If you STILL are congested, repeat the entire process (without the Sudafed).

You’re welcome.

~VOW

nellie, you have a good neighbor. There have been times when I was sans vehicle and when people gave me a lift, I appreciated it. I try to pay it forward now. Check with your PCP about a virtual appointment.

metal mouse, you don’t have to go to the doctor to get your flu shot. If you go to your pharmacy of choice, the pharmacist can give one to you. Take your insurance card and it should be free. Shoot, at the Pubic Sto’ and CVS at Tar-jay, they’ll even give you a gift card for getting one.

shoe, when I lived in northern Indiana in a county that bordered Michigan, we would save our soda and beer cans and make a monthly trip 20 minutes north to turn them in. No deposit paid, but they were recycled. A few years ago, the state paid out more in returns than it collected in deposits because of people doing what we did.

I had a low tire light on when I got into the car this morning so I swung around Discount Tire this afternoon to have them aired up.
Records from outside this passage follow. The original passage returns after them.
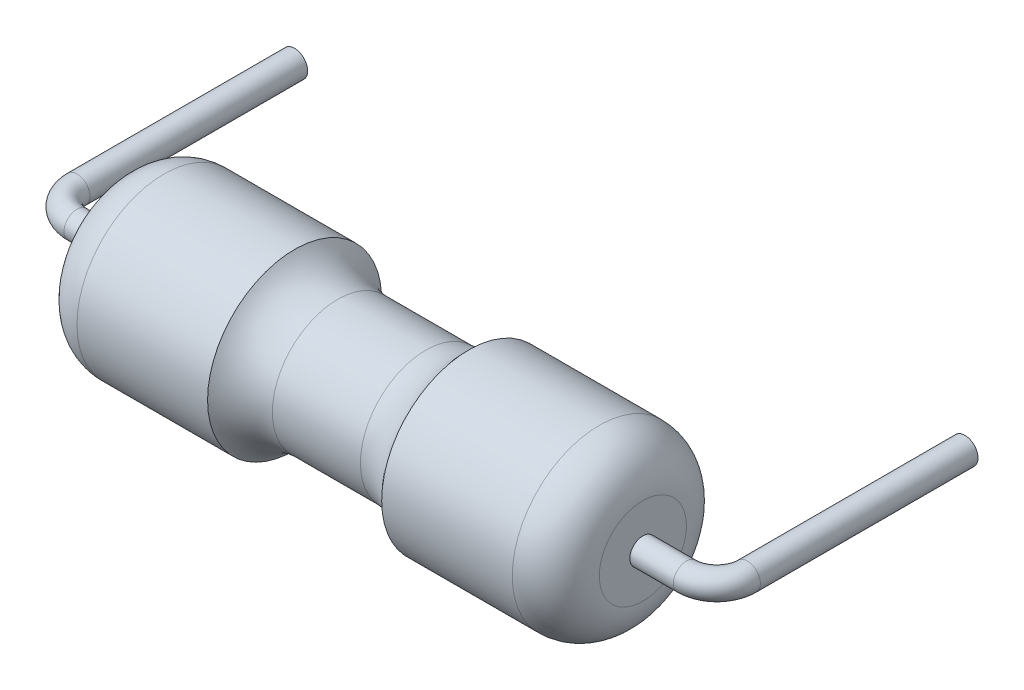
from build123d import *

# Parameters (mm, degrees)
SKETCH_2_R = 0.15


with BuildPart() as part:
    # 草图1 → 旋转1 (revolve)
    with BuildSketch(Plane.XY, mode=Mode.PRIVATE) as revolve_1_sk:
        with BuildLine():
            Line((3, 0.5), (3, 0))
            Line((3, 0), (-3, 0))
            Line((-3, 0), (-3, 0.5))
            ThreePointArc((-3, 0.5), (-2.853553391, 0.853553391), (-2.5, 1))
            Line((-2.5, 1), (-1, 1))
            ThreePointArc((-1, 1), (-0.780842208, 0.819581425), (-0.505634241, 0.75))
            Line((-0.505634241, 0.75), (0.505634241, 0.75))
            ThreePointArc((0.505634241, 0.75), (0.780842208, 0.819581425), (1, 1))
            Line((1, 1), (2.5, 1))
            ThreePointArc((2.5, 1), (2.853553391, 0.853553391), (3, 0.5))
        make_face()
    revolve(revolve_1_sk.sketch.rotate(Axis((-1000, 0, 0), (1, 0, 0)), 90), axis=Axis((-1000, 0, 0), (1, 0, 0)))

    # 扫描1: sweep along a path in 草图3
    with BuildLine(Plane(origin=(0, 0, 0), x_dir=(1, 0, 0), z_dir=(0, 1, 0))) as sweep_1_path:
        Line((3, -0.15), (3.5, -0.15))
        ThreePointArc((3.5, -0.15), (3.853553391, -0.003553391), (4, 0.35))
        Line((4, 0.35), (4, 2.85))
    # 草图2 → 扫描1 (sweep)
    with BuildSketch(Plane(origin=(3, 0, 0), x_dir=(0, 0, -1), z_dir=(1, 0, 0))):
        Circle(SKETCH_2_R)
    sweep_1 = sweep(path=sweep_1_path.line)

    # 镜向1: 扫描1 across plane
    add(sweep_1.mirror(Plane(origin=(0, 0, 0), x_dir=(0, 0, 1), z_dir=(1, 0, 0))))


solid = part.part
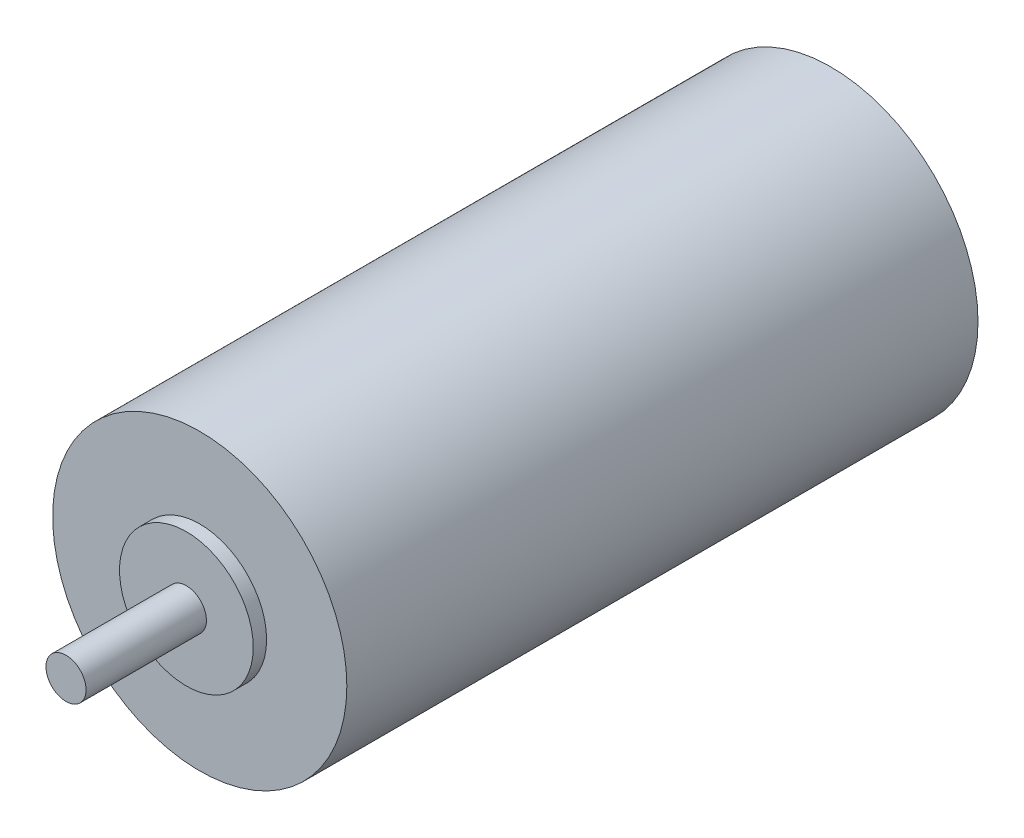
from build123d import *

# Parameters (mm, degrees)
SKETCH1_R           = 11
BOSS_EXTRUDE1_DEPTH = 47.2
SKETCH2_W           = 1
SKETCH2_H           = 5
SKETCH3_W           = 2.3
SKETCH3_H           = 3
SKETCH4_R           = 1.5
BOSS_EXTRUDE2_DEPTH = 9
SKETCH5_R           = 1
BOSS_EXTRUDE3_DEPTH = 2.65


with BuildPart() as part:
    # Sketch1 → Boss-Extrude1 (new body)
    with BuildSketch(Plane.XY):
        Circle(SKETCH1_R)
    extrude(amount=BOSS_EXTRUDE1_DEPTH)

    # Sketch2 → Revolve1 (revolve)
    with BuildSketch(Plane(origin=(0, 0, 0), x_dir=(0, 0, -1), z_dir=(1, 0, 0)), mode=Mode.PRIVATE) as revolve1_sk:
        with Locations((-47.7, 2.5)):
            Rectangle(SKETCH2_W, SKETCH2_H)
    revolve(revolve1_sk.sketch.rotate(Axis((0, 0, 47.2), (0, 0, -1)), 90), axis=Axis((0, 0, 47.2), (0, 0, -1)))

    # Sketch3 → Revolve2 (revolve)
    with BuildSketch(Plane(origin=(0, 0, 0), x_dir=(0, 0, -1), z_dir=(1, 0, 0)), mode=Mode.PRIVATE) as revolve2_sk:
        with Locations((1.15, 1.5)):
            Rectangle(SKETCH3_W, SKETCH3_H)
    revolve(revolve2_sk.sketch.rotate(Axis((0, 0, 47.2), (0, 0, -1)), 90), axis=Axis((0, 0, 47.2), (0, 0, -1)))

    # Sketch4 → Boss-Extrude2 (add)
    with BuildSketch(Plane.XY.offset(48.2)):
        Circle(SKETCH4_R)
    extrude(amount=BOSS_EXTRUDE2_DEPTH)

    # Sketch5 → Boss-Extrude3 (add)
    with BuildSketch(Plane(origin=(0, 0, -2.3), x_dir=(-1, 0, 0), z_dir=(0, 0, -1))):
        Circle(SKETCH5_R)
    extrude(amount=BOSS_EXTRUDE3_DEPTH)


solid = part.part

Once I got home, my new French press was in a box on the front step. When I ordered it, there were two colors available: red or black. At first, I put a red one im my cart and then noticed that it doubled my price. :open_mouth: I quickly deleted the red one and ordered a black one.

Stay safe and healthy y’all!

I heartily endorse VOW’s sinus regime as well. Feel free to mix and match hers and mine as tolerable to you. MzBoo just can’t stand the spritz up my nostrils thing (a decade of terrifying trips in teenhood to have just that done then packing shoved up both sides by the grim ENT doc and then half an hour under some bizarre lamp before the doc grotesquely pulled the packing out dripping with…well, you can guess). Glad we all could have this little talk (muffled though my blocked Eustachian tubes made it). Carry on.

Ever so glad to hear! I’m enjoying your enjoying your :coffee::coffee::coffee::coffee:. Here’s looking at you, kid :blush:

it just started monsooning. Glad I got Princess Pretty Paws out this afternoon. No more hockey for 2+ onths. I have a sad.

First pot, now coke. what is this, the 70s?

I was thinking “Drive by in a UPS package car”, but a straight up ass kicking works, too. But as long as he behaves. :wink:

@swampbear
@Miss_Owl
@FairyChatMom

To quote Anthony Bourdain: “Your body is not a temple, it’s an amusement park. Enjoy the ride.” (in Kitchen Confidential, 05.22.2000)

Man, I missed all the good stuff. What I wouldn’t give to have attended the original Woodstock. (Especially with modern Patagonia and R.E.I. gear!)

Now those are standards we can live by.

The roadrunner soup is EXCELLENT and there’s a bit more in the fridge, and then I put some in the freezer like a good, responsible adult.

I’m convinced a properly simmered bird soup can cure, well, almost anything.